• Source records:
-- Opening Marker --

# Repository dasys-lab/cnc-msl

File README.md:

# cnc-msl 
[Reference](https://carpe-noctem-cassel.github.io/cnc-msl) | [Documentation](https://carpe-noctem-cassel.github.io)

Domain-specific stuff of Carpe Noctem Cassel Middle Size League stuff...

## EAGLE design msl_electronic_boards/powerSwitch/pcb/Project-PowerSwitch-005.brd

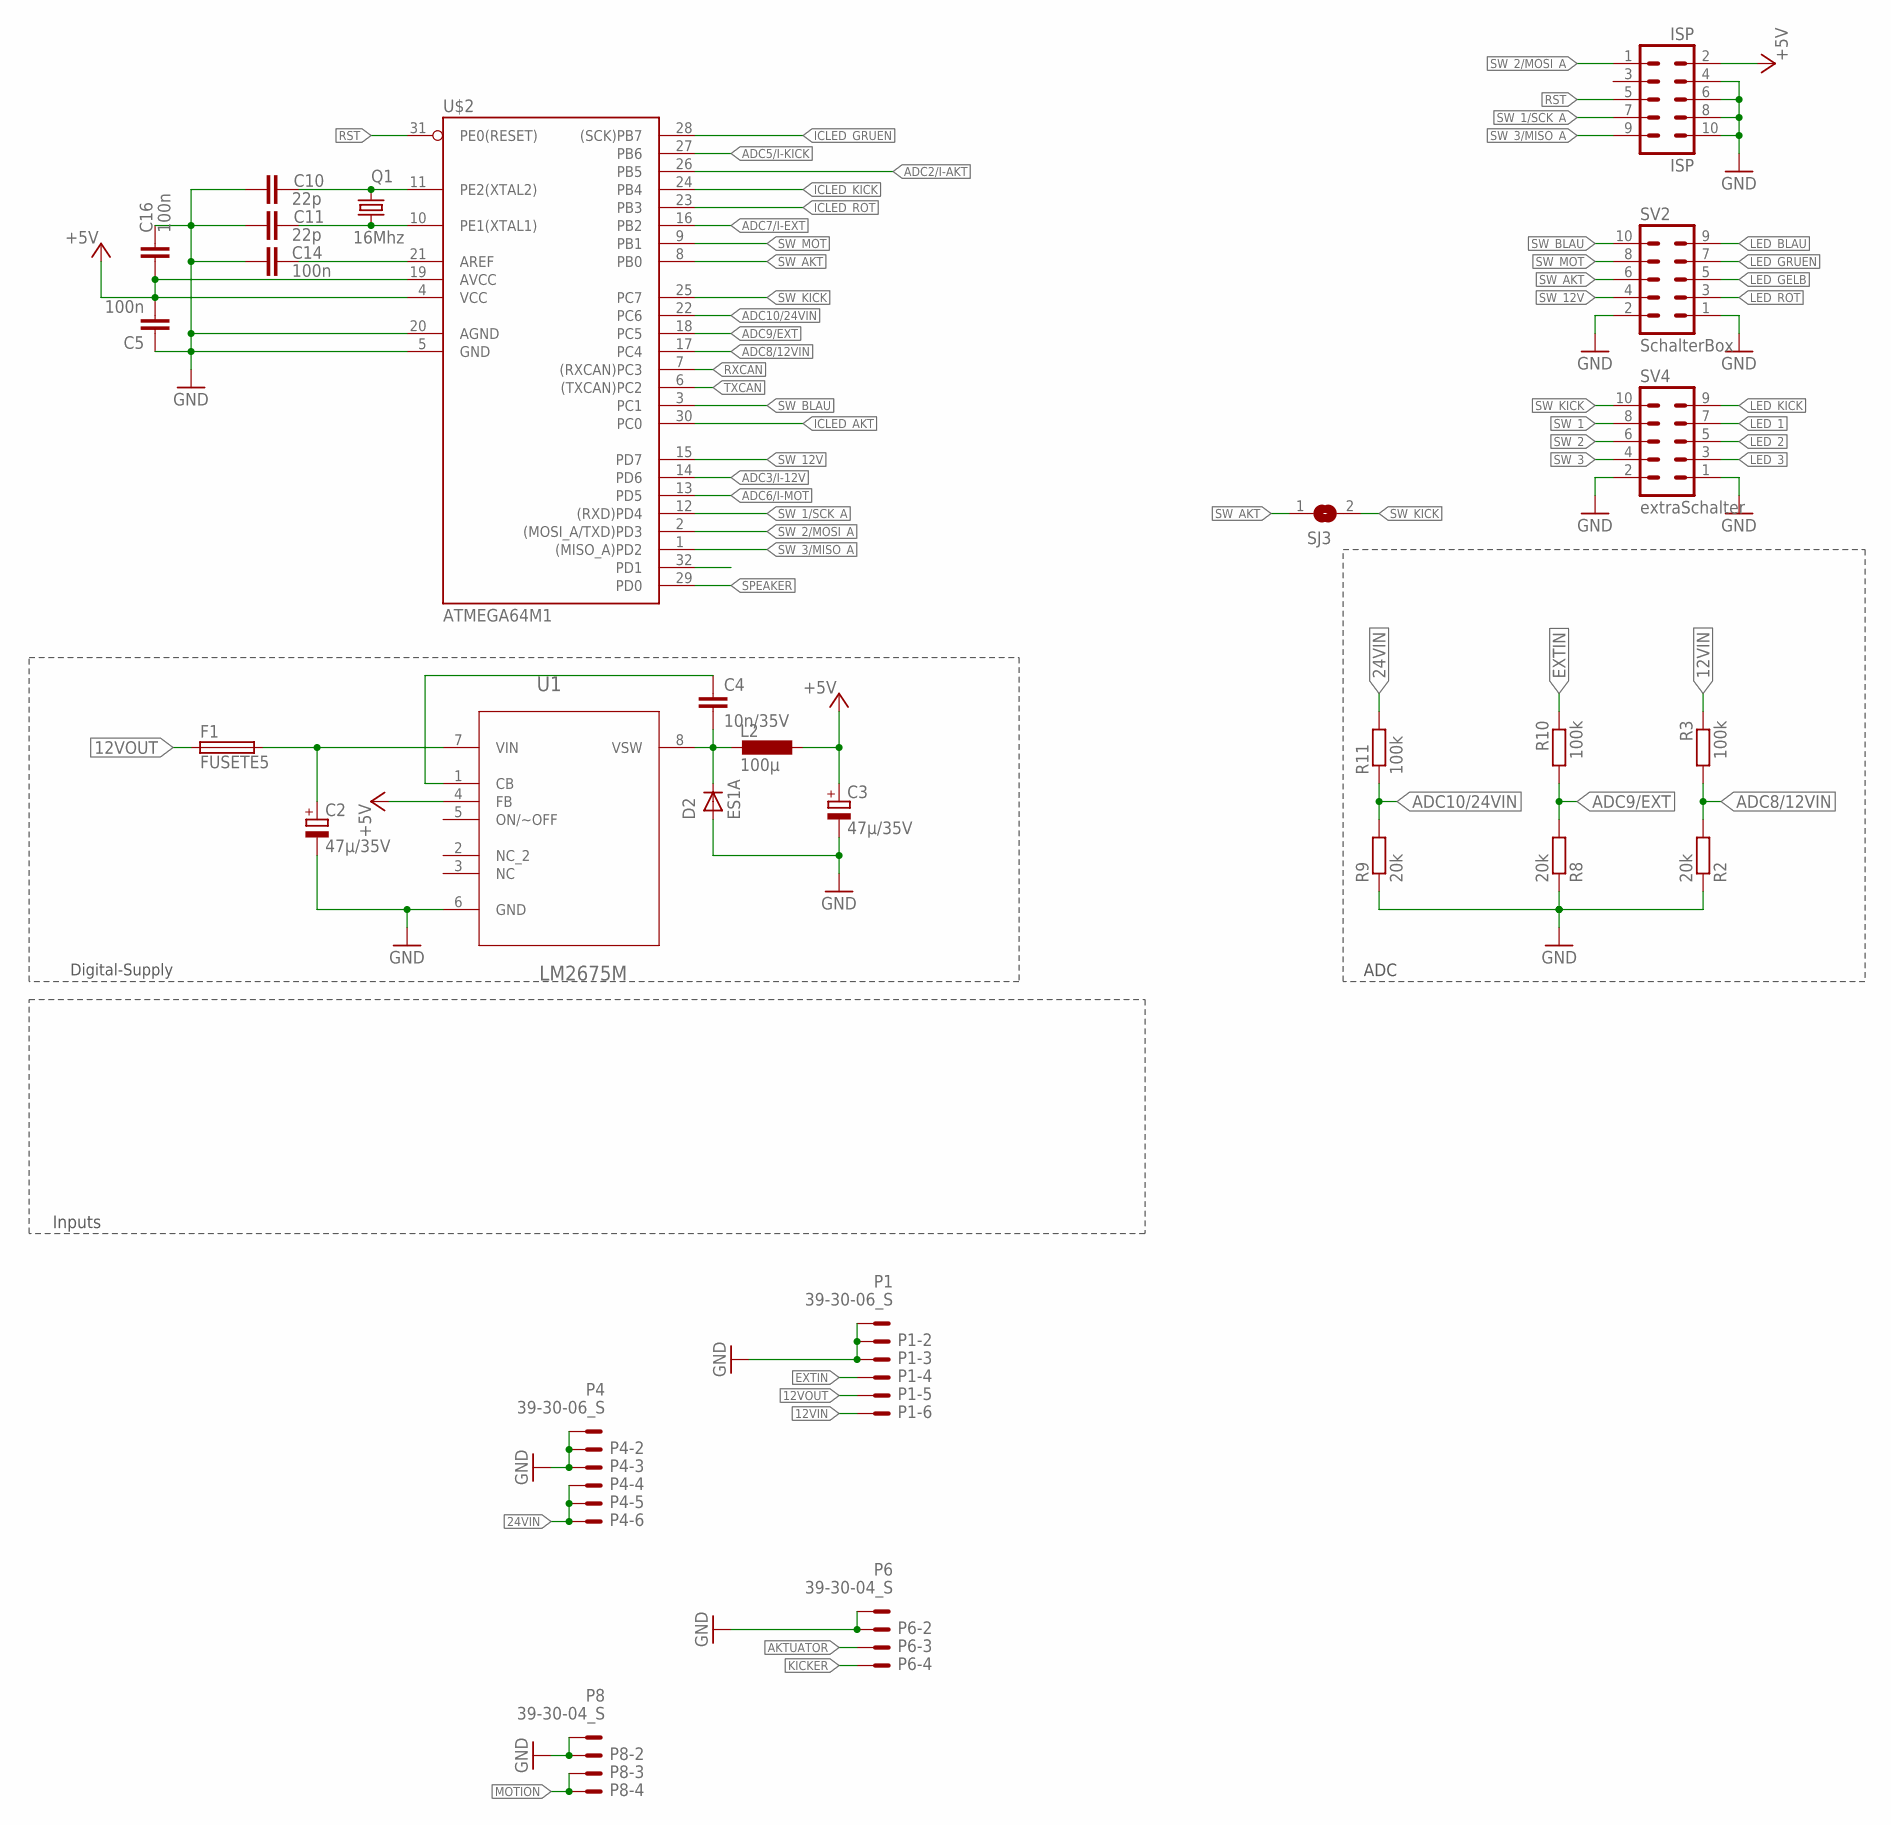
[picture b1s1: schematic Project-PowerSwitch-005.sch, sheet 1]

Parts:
C2, C3: 47µ/35V; PANASONIC_D
C4: 10n/35V; C0603
C5, C14, C16: 100n; C0603
C10, C11: 22p; C0603
D2: ES1A; SMA-DO214AC
F1: FUSETE5; TE5
ISP: ISP; ML10
L2: 100µ; PISM
P1, P4: 39-30-06_S; 39-30-?06?
P6, P8: 39-30-04_S; 39-30-?04?
Q1: 16Mhz; HC49UP
R2, R8, R9: 20k; R0805
R3, R10, R11: 100k; R0805
SJ3: SJ
SV2: SchalterBox; ML10
SV4: extraSchalter; ML10
U1: LM2675M; SOIC127P620X175-8N
U$2: ATMEGA64M1; TQFP32-08

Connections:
12VIN: P1.6, R3.1; also elsewhere on the board
12VOUT: F1.1, P1.5; also elsewhere on the board
24VIN: P4.4, P4.5, P4.6, R11.2; also elsewhere on the board
+5V: C3.+, C5.2, C16.1, ISP.2, L2.1, U1.4 (FB), U$2.4 (VCC), U$2.19 (AVCC); also elsewhere on the board
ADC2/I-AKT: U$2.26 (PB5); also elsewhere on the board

-- Closing Marker --

• Try it:
Your job is to copy out every line from the records above that has the word "Project".

• Solved problem:
## EAGLE design msl_electronic_boards/powerSwitch/pcb/Project-PowerSwitch-005.brd
[picture b1s1: schematic Project-PowerSwitch-005.sch, sheet 1]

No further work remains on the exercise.